Ирина Роднянская - Движение литературы. Том II
«Ветром и пеплом» – книга этой тревоги. Сосредоточенная, даже скорбная книга о нашем общем историческом походе – «а он все длится», упертый началом в «Повесть временных лет», – и о чаемом исходе в «просвет иного бытия». В ней, этой книге, больше прежнего жесткой патетики, слегка умеряемой здравой усмешкой и бытовой подштриховкой, но совсем нет двух заменителей трагизма, которыми ответила на вызов непрекрасной эпохи школа Бродского, – нет иронии и нет уныния.
Время – подземный крематорий. Если раньше оно давало знать о грядущем дробными вестями, вкрадчивыми знаменьями для внутреннего слуха:
Бог мой, какая малость: скрипнула половица,крикнул петух с нашеста, шлепнулась оземь капля, —
то теперь нельзя не различить угрожающее крещендо его ровного, густого гула:
Это огонь невидимый все пожрал,прахом развеял видимое глазами,только его языки и его оскалзнают, какие печи гудят под нами,голая пустошь всюду, она же сад,тысячелетние тени во мгле дрожат.

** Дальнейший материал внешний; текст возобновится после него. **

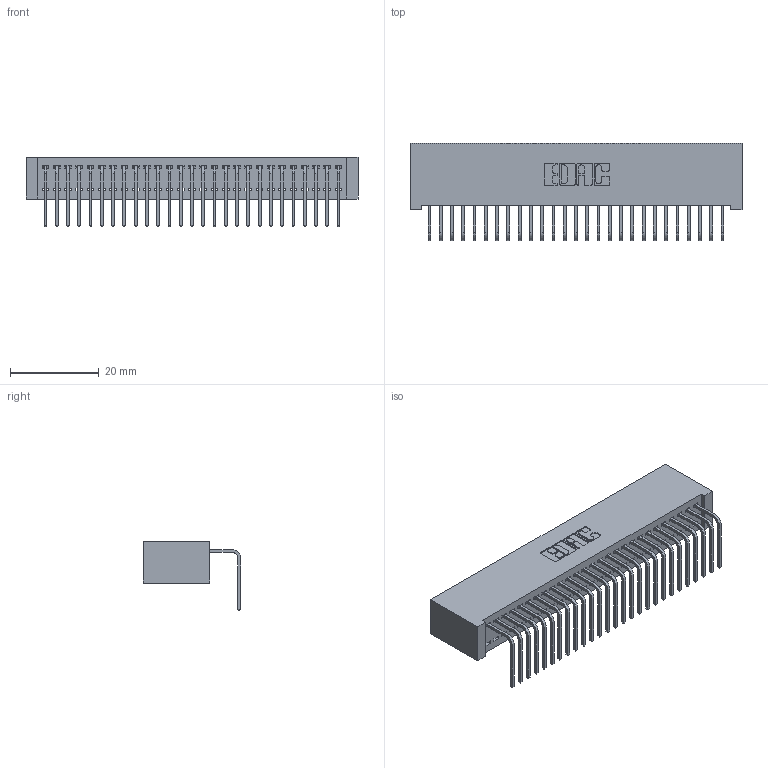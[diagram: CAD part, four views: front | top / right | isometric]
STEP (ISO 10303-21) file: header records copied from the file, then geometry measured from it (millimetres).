
FILE_DESCRIPTION (( 'STEP AP203' ), '1' );
FILE_NAME ('342-027-558-101.STEP', '2019-10-02T02:18:44', ( '' ), ( '' ), 'SwSTEP 2.0', 'SolidWorks 2016', '' );
FILE_SCHEMA (( 'CONFIG_CONTROL_DESIGN' ));
Length unit declared in the file: inch
Products named in the file (3): 342 Part_Lugless; 345-292-001_558 Tail - 2; 342-027-558-101
Assembly tree (28 placements, depth 2):
  342-027-558-101
    342 Part_Lugless
    345-292-001_558 Tail - 2  x27
Bounding box: 74.83 x 21.91 x 15.62 mm (x, y, z)
Volume: 7004.6 mm3; surface area: 10840.1 mm2
Topology: 28 solids, 28 shells, 1722 faces, 5189 edges, 3422 vertices
Faces by surface type: plane 1250, cylinder 472
Entity records: 18121 total; most frequent: CARTESIAN_POINT 3135, ORIENTED_EDGE 3098, DIRECTION 2667, EDGE_CURVE 1549, VECTOR 1429, LINE 1429, VERTEX_POINT 1030, AXIS2_PLACEMENT_3D 619

Даже отчий дом в волнах времени – не только пристань, Итака, но и Одиссеев корабль, теряющий в пути утлую оснастку.
И еще. Книга эта точней обозначила на, выразимся по-восточному, циферблате души главное время суток – за́полночь, перед рассветом. Оно всегда засекалось стихом Чухонцева: время, когда насылает свои видения Superego (есть у поэта жутковатый ноктюрн с таким названием), по-русски, совесть, «совестный гнет полночный»; час бесконтрольного дрейфа меж прошлым и будущим («Всю ночь громыхал водосток… и все, что угодно, / легко приходило на ум»). Теперь звуки этого часа становятся камертоном книги, и «гул комариных крыл» в ночи – напоминанием, на первой же странице, о личном апокалипсисе: «Словно стоит Тот, / с сабелькой у виска, / кто своего ждет / часа или должка». А на часах исторических в эту предрассветную пору свершается «явленье дьявола народу», которое предстоит перетерпеть, пережить, преодолеть.
И, наконец, физически стал ощутим двойной разбег движения – туда, туда, в блаженную даль художнического Пелопоннеса, «где скорби не знают и мертвых не чтут», – и не сквозь цветущие античные рощи, а «по гиблому насту, по талой звезде», такова уж участь русского поэта. Но и вверх, в Новый Иерусалим, «в невидимый град из этой духовной чужбины».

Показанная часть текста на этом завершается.